Ärger bereitete im vergangenen Jahr die Tragkraftspritze, die ausnahmsweise einmal in einer Fachwerkstatt repariert werden musste. Nach einem Loch in der Bremsleitung musste dann auch der Unimog im Juni stillgelegt werden. Zum Glück konnte der Schaden jedoch nach drei Tagen vor Ort von einer Spezialfirma behoben werden.

Feuerwehrfahrzeuge sind stets individuell an die jeweiligen Bedürfnisse und finanziellen Möglichkeiten angepasst. Viel Zeit investierten die Kameraden für die Neubeschaffung und Ausstattung des ausgeschriebenen HLF. Messen und Herstellerfirmen wurden besucht und Preise verglichen.

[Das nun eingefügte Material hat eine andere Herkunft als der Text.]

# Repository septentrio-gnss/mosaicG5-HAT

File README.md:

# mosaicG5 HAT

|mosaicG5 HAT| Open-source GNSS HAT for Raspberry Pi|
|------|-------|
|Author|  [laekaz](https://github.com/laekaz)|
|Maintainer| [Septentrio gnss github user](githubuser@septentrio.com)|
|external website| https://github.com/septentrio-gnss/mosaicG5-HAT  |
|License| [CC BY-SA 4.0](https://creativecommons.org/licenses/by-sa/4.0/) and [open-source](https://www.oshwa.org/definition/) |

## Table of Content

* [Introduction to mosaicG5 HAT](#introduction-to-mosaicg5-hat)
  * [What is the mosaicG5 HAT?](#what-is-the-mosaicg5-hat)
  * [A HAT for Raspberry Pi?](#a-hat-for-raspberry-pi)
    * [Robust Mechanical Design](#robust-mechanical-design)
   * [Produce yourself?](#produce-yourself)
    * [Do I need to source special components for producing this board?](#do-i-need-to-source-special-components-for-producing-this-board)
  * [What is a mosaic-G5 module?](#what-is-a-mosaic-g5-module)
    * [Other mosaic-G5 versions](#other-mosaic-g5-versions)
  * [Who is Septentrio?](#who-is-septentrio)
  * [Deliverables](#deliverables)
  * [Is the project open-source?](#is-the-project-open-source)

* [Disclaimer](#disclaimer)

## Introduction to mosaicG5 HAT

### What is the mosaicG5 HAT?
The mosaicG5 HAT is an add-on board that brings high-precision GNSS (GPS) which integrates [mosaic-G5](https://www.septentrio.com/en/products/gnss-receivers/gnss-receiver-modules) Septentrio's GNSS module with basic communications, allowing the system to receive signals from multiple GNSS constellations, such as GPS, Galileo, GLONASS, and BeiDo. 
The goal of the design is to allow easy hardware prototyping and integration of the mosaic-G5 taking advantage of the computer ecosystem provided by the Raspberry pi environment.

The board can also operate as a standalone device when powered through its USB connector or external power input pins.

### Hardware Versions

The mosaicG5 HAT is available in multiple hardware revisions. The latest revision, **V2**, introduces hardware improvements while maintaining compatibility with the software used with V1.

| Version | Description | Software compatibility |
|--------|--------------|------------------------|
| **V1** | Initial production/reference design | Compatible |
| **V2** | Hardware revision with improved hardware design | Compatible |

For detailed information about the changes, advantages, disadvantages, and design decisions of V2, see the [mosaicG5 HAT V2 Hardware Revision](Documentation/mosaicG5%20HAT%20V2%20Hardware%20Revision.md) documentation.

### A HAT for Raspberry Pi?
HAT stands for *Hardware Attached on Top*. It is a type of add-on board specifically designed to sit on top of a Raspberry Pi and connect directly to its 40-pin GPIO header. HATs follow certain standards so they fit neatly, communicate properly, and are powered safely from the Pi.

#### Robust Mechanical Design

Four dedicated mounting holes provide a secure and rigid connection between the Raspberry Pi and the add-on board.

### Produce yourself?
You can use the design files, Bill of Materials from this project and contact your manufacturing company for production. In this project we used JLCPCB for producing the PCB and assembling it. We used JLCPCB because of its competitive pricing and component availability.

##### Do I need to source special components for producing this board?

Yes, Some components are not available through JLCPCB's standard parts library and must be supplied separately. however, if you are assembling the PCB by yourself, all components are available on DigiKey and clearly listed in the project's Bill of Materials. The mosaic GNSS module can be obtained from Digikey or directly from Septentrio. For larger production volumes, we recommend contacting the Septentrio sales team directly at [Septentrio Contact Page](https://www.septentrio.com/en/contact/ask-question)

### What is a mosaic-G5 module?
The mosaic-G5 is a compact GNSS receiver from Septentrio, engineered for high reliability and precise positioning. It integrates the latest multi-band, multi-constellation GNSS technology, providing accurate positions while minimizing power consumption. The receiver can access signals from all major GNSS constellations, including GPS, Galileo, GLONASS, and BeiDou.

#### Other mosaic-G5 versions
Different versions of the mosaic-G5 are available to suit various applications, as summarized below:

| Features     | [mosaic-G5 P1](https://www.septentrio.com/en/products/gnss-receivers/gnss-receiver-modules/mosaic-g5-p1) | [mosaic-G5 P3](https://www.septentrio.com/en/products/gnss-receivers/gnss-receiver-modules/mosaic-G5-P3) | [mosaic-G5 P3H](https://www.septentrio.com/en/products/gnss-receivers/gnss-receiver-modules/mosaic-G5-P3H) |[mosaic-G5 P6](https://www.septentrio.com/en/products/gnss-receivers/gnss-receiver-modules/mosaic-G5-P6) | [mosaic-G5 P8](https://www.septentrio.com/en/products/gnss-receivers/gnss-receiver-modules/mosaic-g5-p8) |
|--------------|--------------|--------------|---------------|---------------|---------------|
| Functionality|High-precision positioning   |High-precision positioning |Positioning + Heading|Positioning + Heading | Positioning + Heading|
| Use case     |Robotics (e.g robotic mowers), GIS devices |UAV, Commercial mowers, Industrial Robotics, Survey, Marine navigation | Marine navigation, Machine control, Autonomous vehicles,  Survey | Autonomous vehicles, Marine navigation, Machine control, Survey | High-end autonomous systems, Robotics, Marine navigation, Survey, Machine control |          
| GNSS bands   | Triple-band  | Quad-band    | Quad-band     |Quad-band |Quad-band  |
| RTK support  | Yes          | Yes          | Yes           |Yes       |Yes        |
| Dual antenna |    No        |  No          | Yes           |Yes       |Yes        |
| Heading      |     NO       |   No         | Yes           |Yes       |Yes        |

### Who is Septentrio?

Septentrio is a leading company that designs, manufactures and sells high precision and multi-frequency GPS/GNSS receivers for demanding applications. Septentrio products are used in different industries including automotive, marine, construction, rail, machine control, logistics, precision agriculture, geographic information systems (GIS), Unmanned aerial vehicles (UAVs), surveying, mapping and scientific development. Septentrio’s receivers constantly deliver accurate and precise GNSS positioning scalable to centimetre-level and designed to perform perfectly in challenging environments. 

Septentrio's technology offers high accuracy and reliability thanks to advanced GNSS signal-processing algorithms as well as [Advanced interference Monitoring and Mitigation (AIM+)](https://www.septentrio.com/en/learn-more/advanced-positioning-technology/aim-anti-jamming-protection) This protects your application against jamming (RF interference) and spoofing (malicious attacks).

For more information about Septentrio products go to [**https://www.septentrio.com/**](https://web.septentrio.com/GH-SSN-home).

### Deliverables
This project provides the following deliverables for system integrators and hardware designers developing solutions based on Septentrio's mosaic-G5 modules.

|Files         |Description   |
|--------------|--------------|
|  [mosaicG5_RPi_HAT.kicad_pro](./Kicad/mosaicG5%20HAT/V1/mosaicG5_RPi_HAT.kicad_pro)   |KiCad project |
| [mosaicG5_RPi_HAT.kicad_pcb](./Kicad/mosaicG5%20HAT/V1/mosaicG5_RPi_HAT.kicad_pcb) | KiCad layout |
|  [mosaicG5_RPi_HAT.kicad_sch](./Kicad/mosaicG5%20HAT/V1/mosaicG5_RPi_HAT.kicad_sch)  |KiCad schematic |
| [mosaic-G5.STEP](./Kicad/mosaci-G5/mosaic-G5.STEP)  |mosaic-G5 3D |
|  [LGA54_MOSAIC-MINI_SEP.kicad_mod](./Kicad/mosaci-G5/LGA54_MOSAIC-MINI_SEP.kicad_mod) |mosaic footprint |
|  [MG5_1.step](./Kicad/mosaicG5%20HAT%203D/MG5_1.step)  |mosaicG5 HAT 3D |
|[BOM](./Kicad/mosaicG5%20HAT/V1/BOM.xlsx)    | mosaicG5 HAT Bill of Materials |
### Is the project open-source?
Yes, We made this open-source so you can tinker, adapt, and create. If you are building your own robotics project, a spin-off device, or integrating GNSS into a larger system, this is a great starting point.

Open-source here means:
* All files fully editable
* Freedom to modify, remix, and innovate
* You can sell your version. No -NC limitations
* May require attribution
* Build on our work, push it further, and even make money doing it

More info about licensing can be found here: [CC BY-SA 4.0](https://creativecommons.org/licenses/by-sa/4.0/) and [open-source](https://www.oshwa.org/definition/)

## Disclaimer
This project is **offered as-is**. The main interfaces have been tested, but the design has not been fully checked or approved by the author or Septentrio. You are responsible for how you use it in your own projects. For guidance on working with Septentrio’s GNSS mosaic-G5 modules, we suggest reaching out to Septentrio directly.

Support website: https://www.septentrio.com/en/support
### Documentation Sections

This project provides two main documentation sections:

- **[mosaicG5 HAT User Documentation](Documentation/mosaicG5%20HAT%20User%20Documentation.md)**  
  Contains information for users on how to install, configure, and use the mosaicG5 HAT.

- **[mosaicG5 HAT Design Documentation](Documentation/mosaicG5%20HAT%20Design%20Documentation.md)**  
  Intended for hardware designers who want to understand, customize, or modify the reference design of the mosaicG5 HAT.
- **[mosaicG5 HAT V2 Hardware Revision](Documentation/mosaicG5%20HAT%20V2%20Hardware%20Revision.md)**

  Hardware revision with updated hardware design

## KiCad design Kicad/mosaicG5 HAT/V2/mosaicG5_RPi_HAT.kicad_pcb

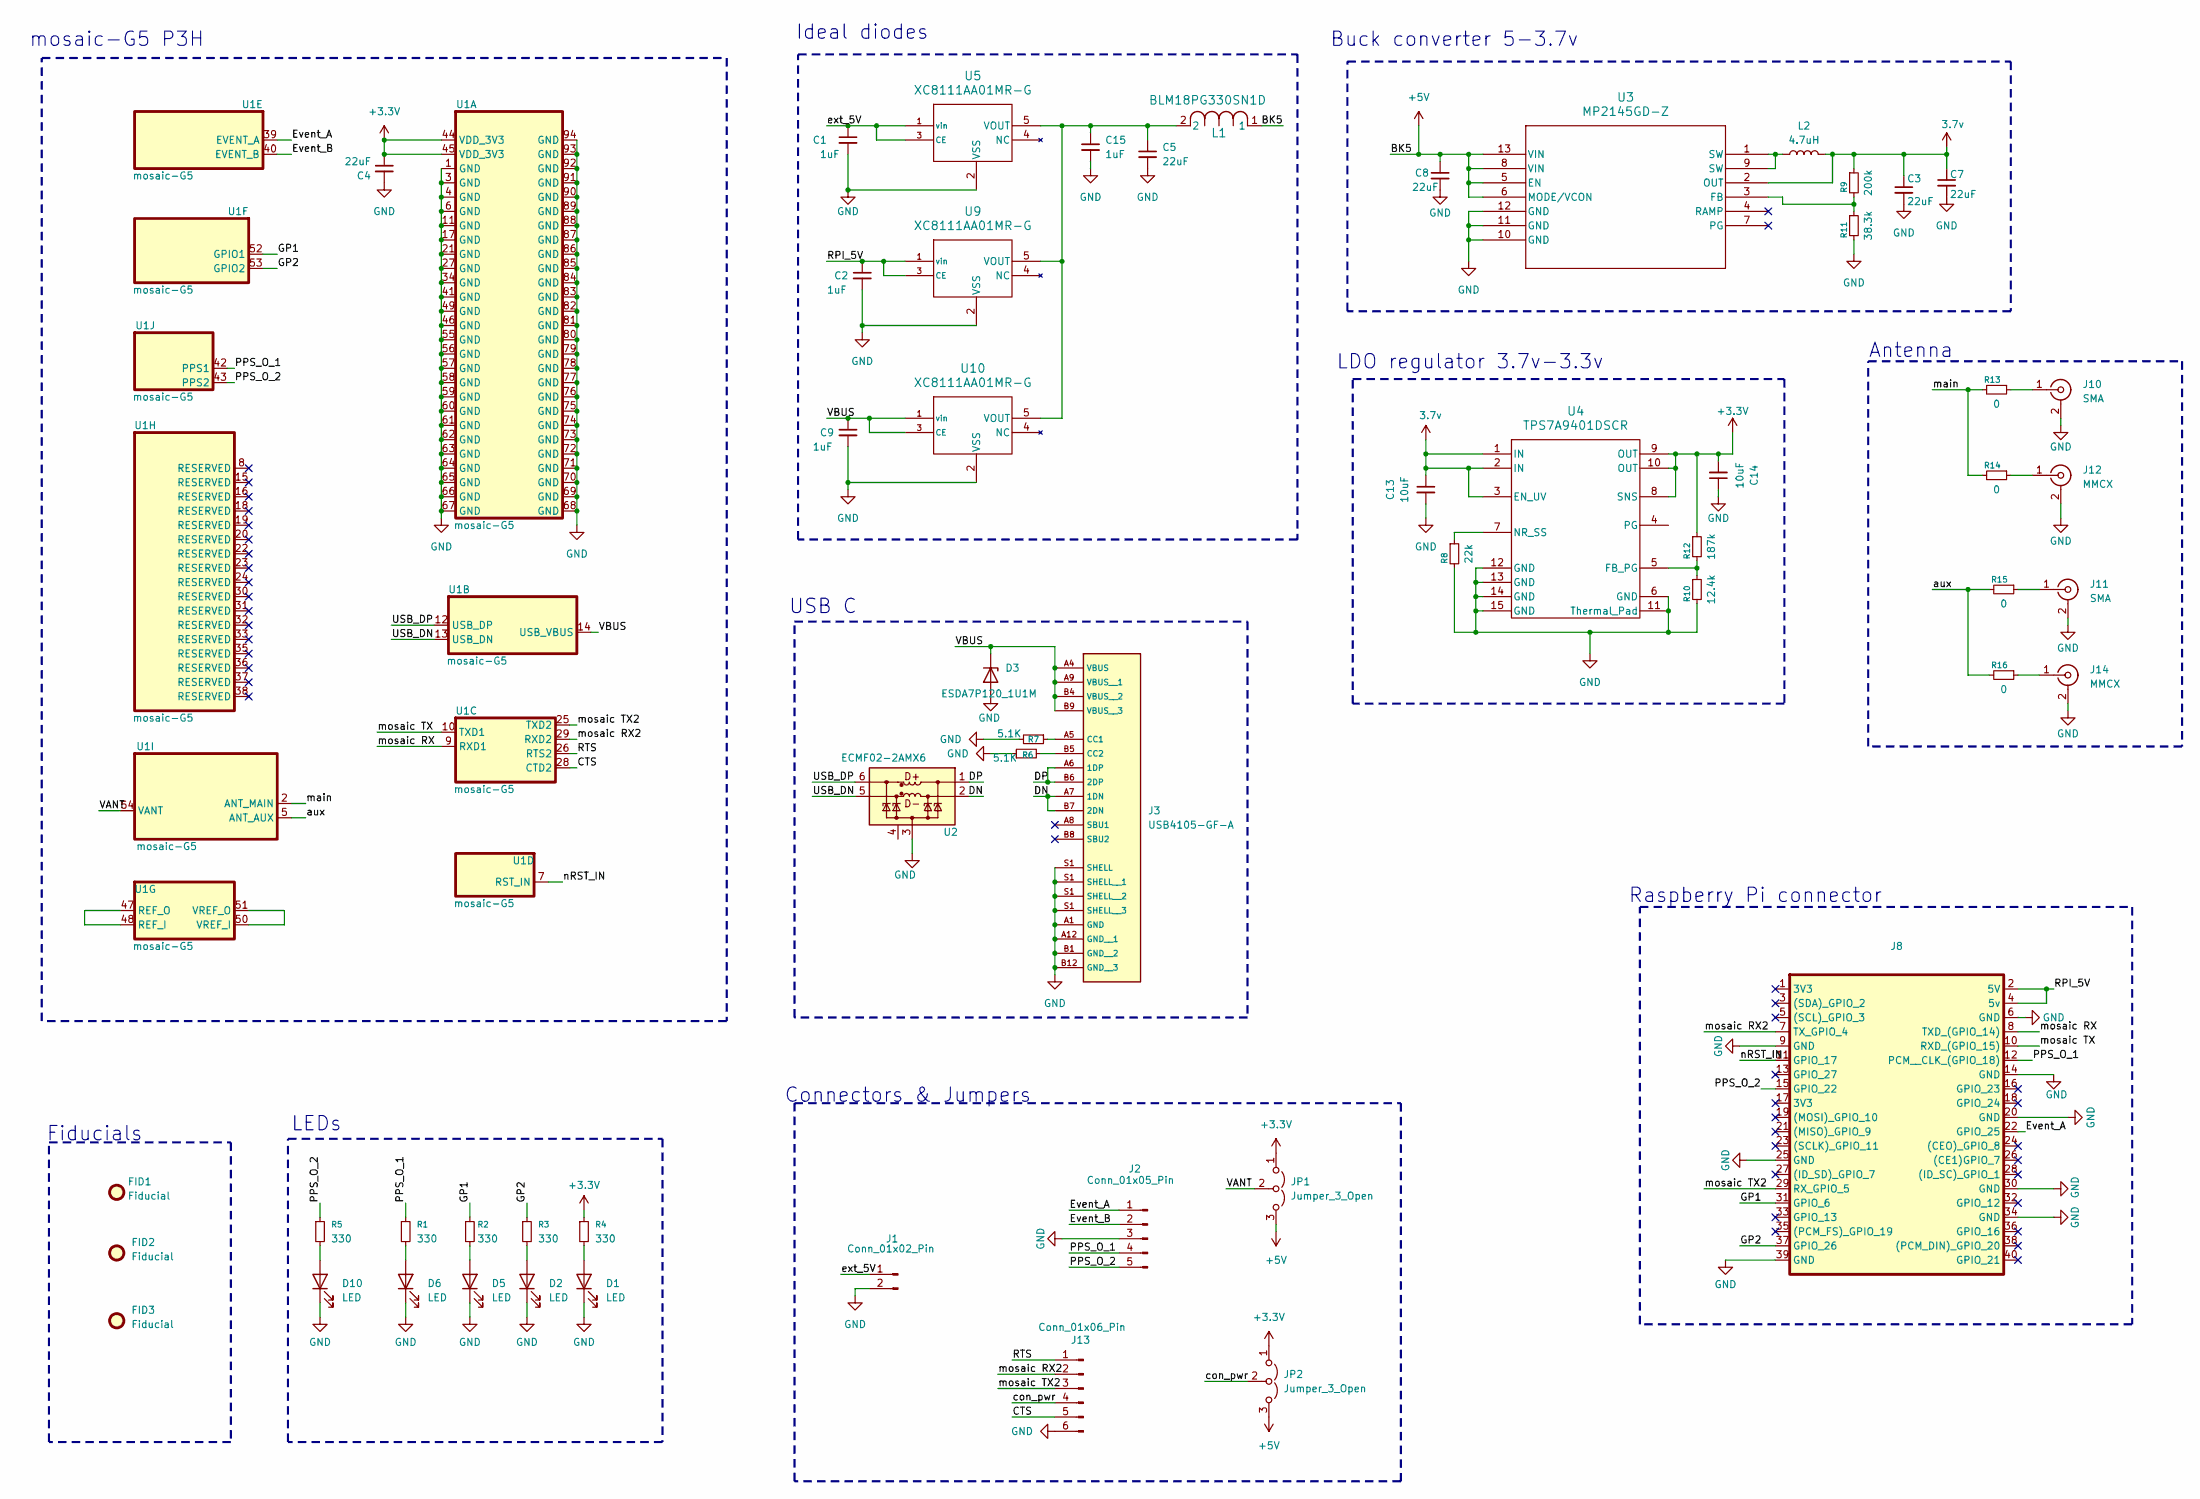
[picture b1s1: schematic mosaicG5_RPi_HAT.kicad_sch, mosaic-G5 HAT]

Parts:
C1, C2, C9, C15: 1uF; C_0603_1608Metric
C3, C5, C7, C8: 22uF; C_0805_2012Metric
C4: 22uF; CAPC1608X90
C13, C14: 10uF; CAPC1608X90
D1, D2, D5, D6, D10: LED; LED_0603_1608Metric
D3: ESDA7P120_1U1M; DIODE_ESDA7P120-1U1M_STM
FID1, FID2, FID3: Fiducial; Fiducial_1mm_Mask2mm
J1: Conn_01x02_Pin; PinHeader_1x02_P2.54mm_Vertical
J2: Conn_01x05_Pin; PinHeader_1x05_P2.54mm_Vertical
J3: USB4105-GF-A; USB_C_Receptacle_GCT_USB4105-xx-A_16P_TopMnt_Horizontal
J8: 2x20 2.54mm pitch
J10, J11: SMA; SMA_Amphenol_132134-16_Vertical
J12, J14: MMCX; SAMTEC_MMCX-J-P-H-ST-TH1
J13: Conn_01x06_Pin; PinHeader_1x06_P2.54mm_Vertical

Der Wahl des als neuen Jugendwart vorgeschlagenen Tore Pape sowie seinen Neuenkooper Stellvertretern Franziska Wellmann und Dennis Kayser wurde auf der Versammlung zugestimmt. Der Gemeindebrandmeister freute sich schließlich den Beförderungsvorschlägen von drei verdienten Kameraden nachkommen zu können: Nach Lehrgängen und vielfältigem Engagement wurden Sönke Schwarting zum Oberfeuerwehrmann, Bernd Weßels zum 1. Hauptfeuerwehrmann und Ingo Wenke zum Oberlöschmeister ernannt.

Auch für den Ortsbrandmeister hatte Klaus Niekamp eine Überraschung dabei. Nach 14 Jahren im Amt überreichte der Gemeindebrandmeister augenzwinkernd Günther Schwarting ein Ärmelabzeichen, dass ihn künftig endlich als Ortsbrandmeister erkennen lasse.